Ich meine was würde die tank klassen dazu bewegen vom pvp wieder runterzu kommen und wieder zu taken kann ja nicht zu nem pvp warri gehen und sagen skill um ich geb dir ne chance hoffe du weisst was ich meine


----------



## Gocu (14. Juli 2008)

Yggdras schrieb:


> Naja aber heiler kannste net mit tank vergleichen immerhin müssen wir ne menge aushalten und aufpassen das die stoffis net zerfetzt werden, und das ist der punkt. ich meine wo währt ihr alle bitte ohne uns tanks? Ihr hättet jetzt alle nicht 1 epic an euch kleben netma die für ruf. könnt ja gern das hexer oder hunter pet an boss stellen wenn ihr nen tank wollt -.-



naja aber Tanks sind auf Heiler angewiesen, die DDs werden oft vernachlässigt weil es davon so viele gibt. Aber die sind auch wichtig ohne die würden viele Bosskämpfe nicht funktionieren

P.S. Kein Tank überlebt einen Bosskampf für seine Stufe ohne auch nur einmal geheilt zu werden


----------



## Yggdras (14. Juli 2008)

Sagen wir es so: wenn die leute nichtmehr so hohe ansprüche haben dann ird es auch wieder mehr tanks geben die meisten pvpler sind die die vor 1 oder 2 monaten 70 geworden sind und nun so da stehen wie ich und dann dazu bewegt wurden pvp zu machen da auf heros keine chance.


----------



## Ocian (14. Juli 2008)

Bei so einem Fall sollte man ersteinmal das naheliegenste anschauen.
Zum einen hat man ja schon Blaues Equip mit einigen Sockelmöglichkeiten nachdem man auf Level 70 noch die Gebiete Shergrad, Schattenmondtal und Nethersturm durchgequestet hat. Am bessten auch die Gruppenquests natürlich.
Dann sollte man auch die blauen Gegenstände alle verzaubert haben und das schon anständig. Wenn man das hat, dann schaut man sich an was man Sockeln kann, dabei sollte man mindestens auf die Qualität Rar achten.

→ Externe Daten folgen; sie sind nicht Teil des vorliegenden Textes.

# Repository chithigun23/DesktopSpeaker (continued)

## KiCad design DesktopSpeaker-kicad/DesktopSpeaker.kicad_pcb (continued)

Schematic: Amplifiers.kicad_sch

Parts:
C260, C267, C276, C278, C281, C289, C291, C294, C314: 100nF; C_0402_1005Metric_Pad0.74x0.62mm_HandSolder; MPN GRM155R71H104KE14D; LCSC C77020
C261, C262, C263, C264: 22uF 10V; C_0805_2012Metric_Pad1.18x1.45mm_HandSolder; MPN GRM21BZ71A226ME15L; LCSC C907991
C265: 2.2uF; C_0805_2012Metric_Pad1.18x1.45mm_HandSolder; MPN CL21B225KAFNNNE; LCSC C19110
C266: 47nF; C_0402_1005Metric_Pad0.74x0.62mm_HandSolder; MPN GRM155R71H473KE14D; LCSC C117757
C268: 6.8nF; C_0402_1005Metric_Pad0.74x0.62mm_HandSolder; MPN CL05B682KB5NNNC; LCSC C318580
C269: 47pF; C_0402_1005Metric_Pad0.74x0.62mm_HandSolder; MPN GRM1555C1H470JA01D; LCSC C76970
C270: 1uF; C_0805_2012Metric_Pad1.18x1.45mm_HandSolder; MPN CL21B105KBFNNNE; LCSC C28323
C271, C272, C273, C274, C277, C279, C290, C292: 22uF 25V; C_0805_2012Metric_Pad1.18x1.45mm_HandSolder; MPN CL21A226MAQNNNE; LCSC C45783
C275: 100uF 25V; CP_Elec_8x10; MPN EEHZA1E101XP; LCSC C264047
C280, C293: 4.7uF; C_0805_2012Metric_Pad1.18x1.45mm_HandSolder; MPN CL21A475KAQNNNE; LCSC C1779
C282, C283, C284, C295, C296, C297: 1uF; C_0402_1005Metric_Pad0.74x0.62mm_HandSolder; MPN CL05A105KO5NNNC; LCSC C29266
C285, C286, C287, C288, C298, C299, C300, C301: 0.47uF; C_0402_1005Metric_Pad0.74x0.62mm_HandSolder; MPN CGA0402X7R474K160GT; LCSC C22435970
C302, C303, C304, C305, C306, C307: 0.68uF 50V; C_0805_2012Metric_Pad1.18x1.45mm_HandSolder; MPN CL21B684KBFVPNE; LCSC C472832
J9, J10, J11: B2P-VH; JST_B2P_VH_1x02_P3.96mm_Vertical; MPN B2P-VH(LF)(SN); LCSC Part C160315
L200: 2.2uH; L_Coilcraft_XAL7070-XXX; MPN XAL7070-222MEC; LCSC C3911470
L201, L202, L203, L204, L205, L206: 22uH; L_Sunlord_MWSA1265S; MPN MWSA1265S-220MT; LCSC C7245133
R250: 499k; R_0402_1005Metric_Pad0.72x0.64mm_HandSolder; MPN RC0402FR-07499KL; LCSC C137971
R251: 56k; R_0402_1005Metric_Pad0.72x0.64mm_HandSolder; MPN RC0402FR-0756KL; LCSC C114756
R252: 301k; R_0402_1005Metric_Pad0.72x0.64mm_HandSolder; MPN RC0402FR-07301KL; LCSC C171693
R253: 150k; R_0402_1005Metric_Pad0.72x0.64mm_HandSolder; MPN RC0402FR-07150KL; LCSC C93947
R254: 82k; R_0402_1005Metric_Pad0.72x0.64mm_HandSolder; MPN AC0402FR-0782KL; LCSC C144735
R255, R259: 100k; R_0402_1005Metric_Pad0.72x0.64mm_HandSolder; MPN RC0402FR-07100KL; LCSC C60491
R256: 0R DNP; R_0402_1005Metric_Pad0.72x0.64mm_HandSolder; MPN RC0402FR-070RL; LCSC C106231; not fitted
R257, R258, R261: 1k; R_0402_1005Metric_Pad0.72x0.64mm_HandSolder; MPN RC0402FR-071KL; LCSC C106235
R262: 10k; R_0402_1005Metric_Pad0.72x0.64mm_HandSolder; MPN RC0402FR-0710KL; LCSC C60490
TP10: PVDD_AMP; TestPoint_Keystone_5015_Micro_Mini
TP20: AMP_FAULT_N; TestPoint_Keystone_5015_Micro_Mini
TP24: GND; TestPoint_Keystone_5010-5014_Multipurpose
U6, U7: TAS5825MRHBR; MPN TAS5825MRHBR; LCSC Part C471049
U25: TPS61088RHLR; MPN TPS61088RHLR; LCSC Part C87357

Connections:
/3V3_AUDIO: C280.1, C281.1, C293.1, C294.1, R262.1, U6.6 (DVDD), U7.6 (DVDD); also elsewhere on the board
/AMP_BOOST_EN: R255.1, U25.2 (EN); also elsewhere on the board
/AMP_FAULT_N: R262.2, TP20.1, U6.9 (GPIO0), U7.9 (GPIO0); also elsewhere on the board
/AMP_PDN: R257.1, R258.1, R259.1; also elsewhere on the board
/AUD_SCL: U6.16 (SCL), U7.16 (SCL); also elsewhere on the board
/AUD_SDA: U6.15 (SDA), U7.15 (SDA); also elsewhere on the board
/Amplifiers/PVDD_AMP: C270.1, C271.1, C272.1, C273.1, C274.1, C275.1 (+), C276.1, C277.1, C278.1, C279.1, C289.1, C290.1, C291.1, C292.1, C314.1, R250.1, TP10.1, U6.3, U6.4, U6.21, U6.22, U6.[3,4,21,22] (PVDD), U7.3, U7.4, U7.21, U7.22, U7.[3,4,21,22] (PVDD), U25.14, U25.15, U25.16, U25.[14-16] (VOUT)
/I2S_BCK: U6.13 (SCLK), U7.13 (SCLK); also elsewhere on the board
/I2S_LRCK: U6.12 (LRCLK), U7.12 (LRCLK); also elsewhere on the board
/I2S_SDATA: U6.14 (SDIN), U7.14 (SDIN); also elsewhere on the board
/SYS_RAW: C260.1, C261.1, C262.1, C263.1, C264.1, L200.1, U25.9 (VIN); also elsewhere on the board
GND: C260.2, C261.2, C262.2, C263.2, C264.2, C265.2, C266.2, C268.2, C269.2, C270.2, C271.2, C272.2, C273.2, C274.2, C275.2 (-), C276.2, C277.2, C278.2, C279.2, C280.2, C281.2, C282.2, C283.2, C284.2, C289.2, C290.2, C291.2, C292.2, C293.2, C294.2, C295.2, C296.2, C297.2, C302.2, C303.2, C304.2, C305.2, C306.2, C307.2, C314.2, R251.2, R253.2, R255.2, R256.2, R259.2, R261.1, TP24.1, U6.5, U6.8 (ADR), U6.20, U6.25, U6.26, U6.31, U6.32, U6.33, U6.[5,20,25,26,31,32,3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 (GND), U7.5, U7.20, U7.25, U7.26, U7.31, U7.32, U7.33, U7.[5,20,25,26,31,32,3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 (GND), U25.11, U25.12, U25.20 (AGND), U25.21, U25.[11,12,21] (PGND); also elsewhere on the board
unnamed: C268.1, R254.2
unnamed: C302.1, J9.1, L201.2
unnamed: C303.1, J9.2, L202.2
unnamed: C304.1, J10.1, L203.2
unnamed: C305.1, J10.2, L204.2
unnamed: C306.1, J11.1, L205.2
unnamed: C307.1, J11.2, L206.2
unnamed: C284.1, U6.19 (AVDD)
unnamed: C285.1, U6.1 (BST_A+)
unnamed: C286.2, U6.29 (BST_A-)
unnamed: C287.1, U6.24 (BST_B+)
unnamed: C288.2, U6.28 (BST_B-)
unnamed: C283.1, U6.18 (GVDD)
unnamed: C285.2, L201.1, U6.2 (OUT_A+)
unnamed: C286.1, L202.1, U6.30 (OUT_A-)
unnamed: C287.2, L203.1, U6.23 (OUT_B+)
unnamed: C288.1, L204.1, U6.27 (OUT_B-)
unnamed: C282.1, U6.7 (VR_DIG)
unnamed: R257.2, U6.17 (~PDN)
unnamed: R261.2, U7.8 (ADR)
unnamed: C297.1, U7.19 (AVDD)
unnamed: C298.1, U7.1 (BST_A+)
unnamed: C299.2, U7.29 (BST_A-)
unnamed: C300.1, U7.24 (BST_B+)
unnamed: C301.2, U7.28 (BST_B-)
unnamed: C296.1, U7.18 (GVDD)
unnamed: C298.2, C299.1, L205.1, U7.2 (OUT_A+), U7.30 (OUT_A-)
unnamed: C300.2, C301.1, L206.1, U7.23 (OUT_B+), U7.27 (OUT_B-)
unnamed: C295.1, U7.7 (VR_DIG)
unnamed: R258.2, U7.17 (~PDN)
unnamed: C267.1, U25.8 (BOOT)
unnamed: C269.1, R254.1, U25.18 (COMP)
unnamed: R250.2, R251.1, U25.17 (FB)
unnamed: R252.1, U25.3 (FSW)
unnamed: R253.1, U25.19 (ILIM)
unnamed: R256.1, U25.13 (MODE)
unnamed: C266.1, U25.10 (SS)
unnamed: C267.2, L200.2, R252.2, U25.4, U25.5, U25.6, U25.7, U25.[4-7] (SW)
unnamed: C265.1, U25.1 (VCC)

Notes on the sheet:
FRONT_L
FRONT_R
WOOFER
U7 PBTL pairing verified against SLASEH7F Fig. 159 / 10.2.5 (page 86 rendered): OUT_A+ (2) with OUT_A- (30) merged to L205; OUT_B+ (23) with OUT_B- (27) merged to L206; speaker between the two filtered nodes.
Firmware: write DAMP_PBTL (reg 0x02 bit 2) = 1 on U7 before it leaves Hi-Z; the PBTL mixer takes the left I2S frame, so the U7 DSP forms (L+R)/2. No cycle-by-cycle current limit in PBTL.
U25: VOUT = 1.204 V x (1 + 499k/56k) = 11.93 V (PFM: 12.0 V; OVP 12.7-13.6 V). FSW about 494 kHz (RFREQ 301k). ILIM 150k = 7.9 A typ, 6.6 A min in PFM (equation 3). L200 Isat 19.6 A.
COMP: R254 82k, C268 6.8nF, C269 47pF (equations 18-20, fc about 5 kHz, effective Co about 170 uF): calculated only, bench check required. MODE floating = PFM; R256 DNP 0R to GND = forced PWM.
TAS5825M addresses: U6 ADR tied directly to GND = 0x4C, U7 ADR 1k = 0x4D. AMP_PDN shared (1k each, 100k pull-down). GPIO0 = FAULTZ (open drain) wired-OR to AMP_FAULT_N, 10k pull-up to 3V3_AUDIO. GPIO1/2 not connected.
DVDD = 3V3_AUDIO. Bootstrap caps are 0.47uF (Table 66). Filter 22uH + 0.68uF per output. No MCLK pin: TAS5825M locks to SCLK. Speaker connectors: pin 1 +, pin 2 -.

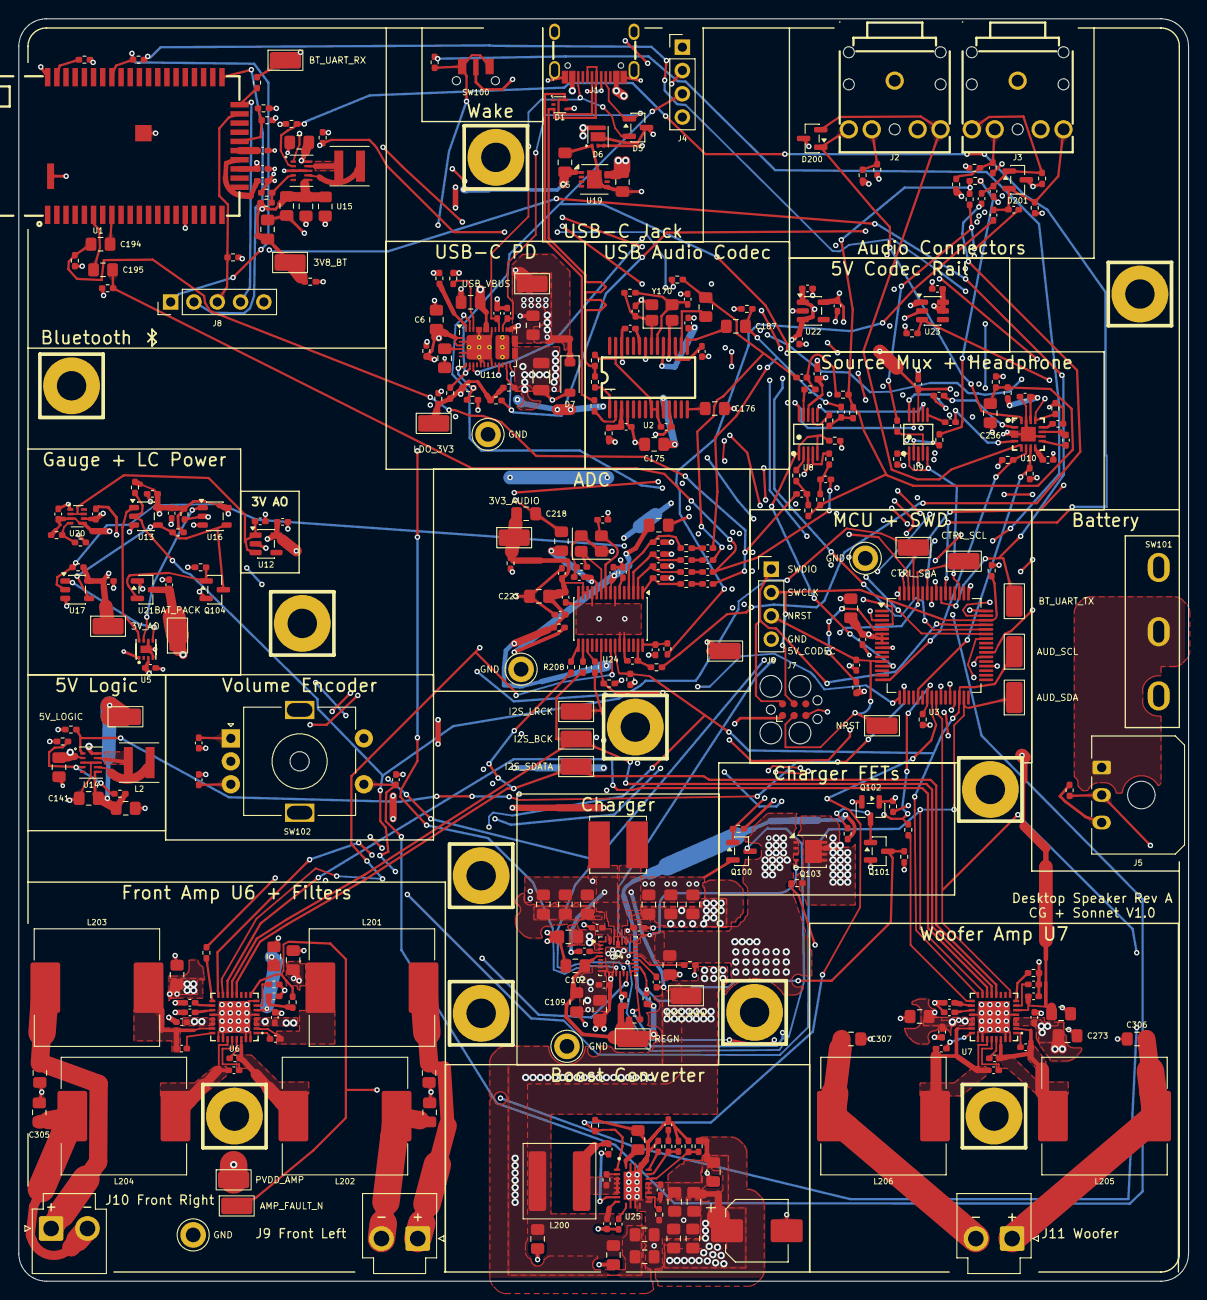
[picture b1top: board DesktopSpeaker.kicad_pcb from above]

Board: 4 copper layers, 127.5 x 137.6 mm, 360 parts (1 on the bottom side), 208 nets.

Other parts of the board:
H1, H2, H3, H4, H5, H6, H7, H8, H9: M3 PTH GND; MountingHole_3.2mm_M3_PTH_GND
HA1, HA2: M3 PTH GND; MountingHole_3.2mm_M3_PTH_GND
LOGO1: Orwellian Industries; Logo_Orwellian

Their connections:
GND: H1.1, H2.1, H3.1, H4.1, H5.1, H6.1, H7.1, H8.1, H9.1, HA1.1, HA2.1; also elsewhere on the board

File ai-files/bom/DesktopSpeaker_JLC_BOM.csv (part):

Comment,Designator,Footprint,LCSC Part #,MPN,Manufacturer,Qty
4.7uF X7R 50V,"C2,C5",C_0805_2012Metric_Pad1.18x1.45mm_HandSolder,C5159426,C2012X7R1H475KT0A0E,TDK,2
22uF 10V X7R,"C6,C104,C105,C106,C107,C140,C141,C142,C150,C152,C153,C154,C261,C262,C263,C264",C_0805_2012Metric_Pad1.18x1.45mm_HandSolder,C907991,GRM21BZ71A226ME15L,Murata,16
10uF / 50V,"C100,C101,C108,C111,C112",C_0805_2012Metric_Pad1.18x1.45mm_HandSolder,C440198,GRM21BR61H106KE43L,Murata,5
10uF,"C102,C109,C175,C176,C181,C190,C214,C216,C218,C223",C_0805_2012Metric_Pad1.18x1.45mm_HandSolder,C32635,CL21B106KPQNNNE,Samsung Electro-Mechanics,10
47nF / 50V,"C103,C110,C266",C_0402_1005Metric_Pad0.74x0.62mm_HandSolder,C117757,GRM155R71H473KE14D,Murata,3
100nF,"C120,C126,C130,C131,C132,C160,C162,C191,C213,C215,C217,C219,C237,C238,C246,C260,C267,C276,C278,C281,C289,C291,C294,C311,C312,C313,C314",C_0402_1005Metric_Pad0.74x0.62mm_HandSolder,C77020,GRM155R71H104KE14D,Murata,27
1uF,"C122,C123,C124,C125,C170,C171,C172,C173,C174,C192,C193,C212,C220,C221,C222,C224,C225,C230,C231,C232,C233,C234,C235,C239,C240,C245,C282,C283,C284,C295,C296,C297",C_0402_1005Metric_Pad0.74x0.62mm_HandSolder,C29266,CL05A105KO5NNNC,Samsung Electro-Mechanics,32
4.7uF,"C161,C186,C187,C194,C195,C236,C280,C293",C_0805_2012Metric_Pad1.18x1.45mm_HandSolder,C1779,CL21A475KAQNNNE,Samsung Electro-Mechanics,8
33pF,"C177,C178",C_0402_1005Metric_Pad0.74x0.62mm_HandSolder,C5137486,FCC0402N330J500AT,FOJAN,2
330pF C0G CC1 filter,"C182,C183",C_0402_1005Metric_Pad0.74x0.62mm_HandSolder,C76965,GRM1555C1H331JA01D,Murata,2
1uF X7R 50V,"C184,C270,C316",C_0805_2012Metric_Pad1.18x1.45mm_HandSolder,C28323,CL21B105KBFNNNE,Samsung Electro-Mechanics,3
2.2uF,"C200,C201,C202,C203,C204,C205,C241,C243,C244",C_0402_1005Metric_Pad0.74x0.62mm_HandSolder,C7464343,CL05A225KP5NNNC,Samsung Electro-Mechanics,9
10nF C0G,"C206,C207,C208,C209,C210,C211",C_0402_1005Metric_Pad0.74x0.62mm_HandSolder,C22400107,GRM1555C1H103JE01D,Murata,6
15pF C0G,"C226,C227",C_0402_1005Metric_Pad0.74x0.62mm_HandSolder,C76950,GRM1555C1H150JA01D,Murata,2
2.2uF,C265,C_0805_2012Metric_Pad1.18x1.45mm_HandSolder,C19110,CL21B225KAFNNNE,Samsung Electro-Mechanics,1
6.8nF,C268,C_0402_1005Metric_Pad0.74x0.62mm_HandSolder,C318580,CL05B682KB5NNNC,Samsung Electro-Mechanics,1
47pF,C269,C_0402_1005Metric_Pad0.74x0.62mm_HandSolder,C76970,GRM1555C1H470JA01D,Murata,1
22uF 25V,"C271,C272,C273,C274,C277,C279,C290,C292",C_0805_2012Metric_Pad1.18x1.45mm_HandSolder,C45783,CL21A226MAQNNNE,Samsung Electro-Mechanics,8
100uF 25V,C275,CP_Elec_8x10,C264047,EEHZA1E101XP,Panasonic,1
0.47uF,"C285,C286,C287,C288,C298,C299,C300,C301",C_0402_1005Metric_Pad0.74x0.62mm_HandSolder,C22435970,CGA0402X7R474K160GT,HRE,8
0.68uF 50V,"C302,C303,C304,C305,C306,C307",C_0805_2012Metric_Pad1.18x1.45mm_HandSolder,C472832,CL21B684KBFVPNE,Samsung Electro-Mechanics,6
10nF,"C308,C309,C310",C_0402_1005Metric_Pad0.74x0.62mm_HandSolder,C77019,GRM155R71H103KA88D,Murata,3
47uF 25V,C315,PD_C_1206,C403725,GRM31CR61E476ME44L,Murata,1
TPD2E2U06DRLR,D1,TPD2E2U06DRLR,C1972959,TPD2E2U06DRLR,Texas Instruments,1
ESDA25L,D5,ESDA25L,C95343,ESDA25L,STMicroelectronics,1
TVS2200DRVR,D6,TVS2200DRVR,C523793,TVS2200DRVR,Texas Instruments,1
1N5819HW,D7,PD_D_SOD123,C82544,1N5819HW-7-F,Diodes Incorporated,1
PESD5V0S2BT,"D200,D201",PESD5V0S2BT,C5380400,PESD5V0S2BT,DOWO,2
BLM15AG601SN1D,FB200,R_0402_1005Metric_Pad0.72x0.64mm_HandSolder,C76884,BLM15AG601SN1D,Murata,1
USB_C_Receptacle_USB2.0_16P,J1,TYPE-C-31-M-12,C165948,TYPE-C-31-M-12,Korean Hroparts,1
HEAD_OUT,"J2,J3",PJ-307,C2939173,PJ-307,HOOYA,2
I2C service,J4,PD_SERVICE_HDR,C124378,B-2100S04P-A110,Ckmtw,1
1S_PACK_3PIN,J5,Molex_Micro-Fit_3.0_43650-0300_1x03_P3.00mm_Horizontal,C503478,43650-0300,Molex,1
SWD,J6,PinHeader_1x04_P2.54mm_Vertical,C124378,B-2100S04P-A110,Ckmtw,1
BM83_PROG,J8,PinHeader_1x05_P2.54mm_Vertical,C54110162,XY-MTP254-1X5,XYECONN,1
B2P-VH,"J9,J10,J11",JST_B2P_VH_1x02_P3.96mm_Vertical,C160315,B2P-VH(LF)(SN),JST,3
2.2uH,L1,Bourns_SRN6045TA-2R2Y,C1332316,SRN6045TA-2R2Y,Bourns,1
0.47uH,"L2,L3",Coilcraft_XFL4015-471MEC,C18221164,XFL4015-471MEC,Coilcraft,2
2.2uH,L200,L_Coilcraft_XAL7070-XXX,C3911470,XAL7070-222MEC,Coilcraft,1
22uH,"L201,L202,L203,L204,L205,L206",L_Sunlord_MWSA1265S,C7245133,MWSA1265S-220MT,Sunlord,6
2N7002,"Q100,Q101,Q102,Q104",2N7002,C65189,"2N7002,215",Nexperia,4
CSD17579Q3A,Q103,CSD17579Q3A_DNH0008A,C97376,CSD17579Q3A,Texas Instruments,1
200k 1%,R10,R_0402_1005Metric_Pad0.72x0.64mm_HandSolder,C114763,RC0402FR-07200KL,Yageo,1
10k,"R11,R13,R14,R15,R18,R106,R182,R183,R242,R243,R244,R262",R_0402_1005Metric_Pad0.72x0.64mm_HandSolder,C60490,RC0402FR-0710KL,Yageo,12
100k,"R12,R16,R17,R103,R107,R109,R110,R111,R113,R125,R142,R152,R153,R154,R160,R175,R176,R180,R181,R184,R211,R212,R220,R221,R222,R223,R224,R225,R234,R235,R236,R237,R238,R239,R255,R259",R_0402_1005Metric_Pad0.72x0.64mm_HandSolder,C60491,RC0402FR-07100KL,Yageo,36
5.23k,R100,R_0402_1005Metric_Pad0.72x0.64mm_HandSolder,C25907,0402WGF5231TCE,UNI-ROYAL,1
30.1k,R101,R_0402_1005Metric_Pad0.72x0.64mm_HandSolder,C226982,AC0402FR-0730K1L,Yageo,1
4.7k,"R102,R120,R121",R_0402_1005Metric_Pad0.72x0.64mm_HandSolder,C105871,RC0402FR-074K7L,Yageo,3
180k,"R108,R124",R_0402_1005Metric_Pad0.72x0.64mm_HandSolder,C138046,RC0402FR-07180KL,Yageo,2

Wenn man all das gemacht hat sowie natürlich in den Normalen Instanzen das Besstmögliche rausgeholt hat, dann kann man nach heroischen Instanzen schauen. Diese ganze Vorarbeit kostet viel Zeit und mindestens 40 Instanzläufe auf Level 70. Aber danach hat man auch eine Ausrüstung die für heroische Instanzen ausreichen sollte. Klar wird es auch dann immer mal wieder Querschläger geben, aber dadurch das man schon so viele normale Instanzen gegangen ist, sollte man auch den ein oder anderen kennengelernt haben. Dieses Zusammenspiel und die Erfahrungen in den normalen Instanzen erlauben es meistens dann mit Leuten die man vorher kennengelernt hat auch in heroischen Instanzen vorranzuschreiten.

Wenn man sich jedoch denkt, dass man die Verzauberungen nicht macht, keine oder ganz billige Sockelmöglichkeiten benutzt. Dann sollte man erst einmal überlegen, was es für einen Eindruck auf die Anderen macht. Denn man zeigt ja, das man sich eher durchschleifen lassen möchte, anstatt das best mögliche zu versuchen.

Zum Thema Schattenlabyrinth mit grünem Equip, ich würde dich auch nicht mitnehmen dahin. Denn das Schattenlabyrinth ist eine Instanz in der Mobs sind die zum einen ordendlich zuhauen können und zum anderen auch spielerisches Talent fordern. Da du dann nur grüne Ausrüstung hast, zweifel ich daran, dass du bereits die leichteren Intsanzen schon besucht hast.

Und man sollte auch bedeken, dass es 2 verschiedene Arten von Gruppen gibt, die einen mit schon gutem oder sehr gutem Ausrüstungsstand, die nur noch 1-2 Teile brauchen und die anderen die gerade erst mit den Instanzen anfangen. Wenn diese beiden Arten sich nun mischen kommt es dazu, das entweder der Tank nicht schnell genug für den Rest ist oder aber ein DD andauernd unabsichtlich aggro zieht, da er sogar mit dem Zauberstab mehr erzeugt als der Tank. Das soll keine Unterstellung sein, wollte ich hier nun noch mal anmerken.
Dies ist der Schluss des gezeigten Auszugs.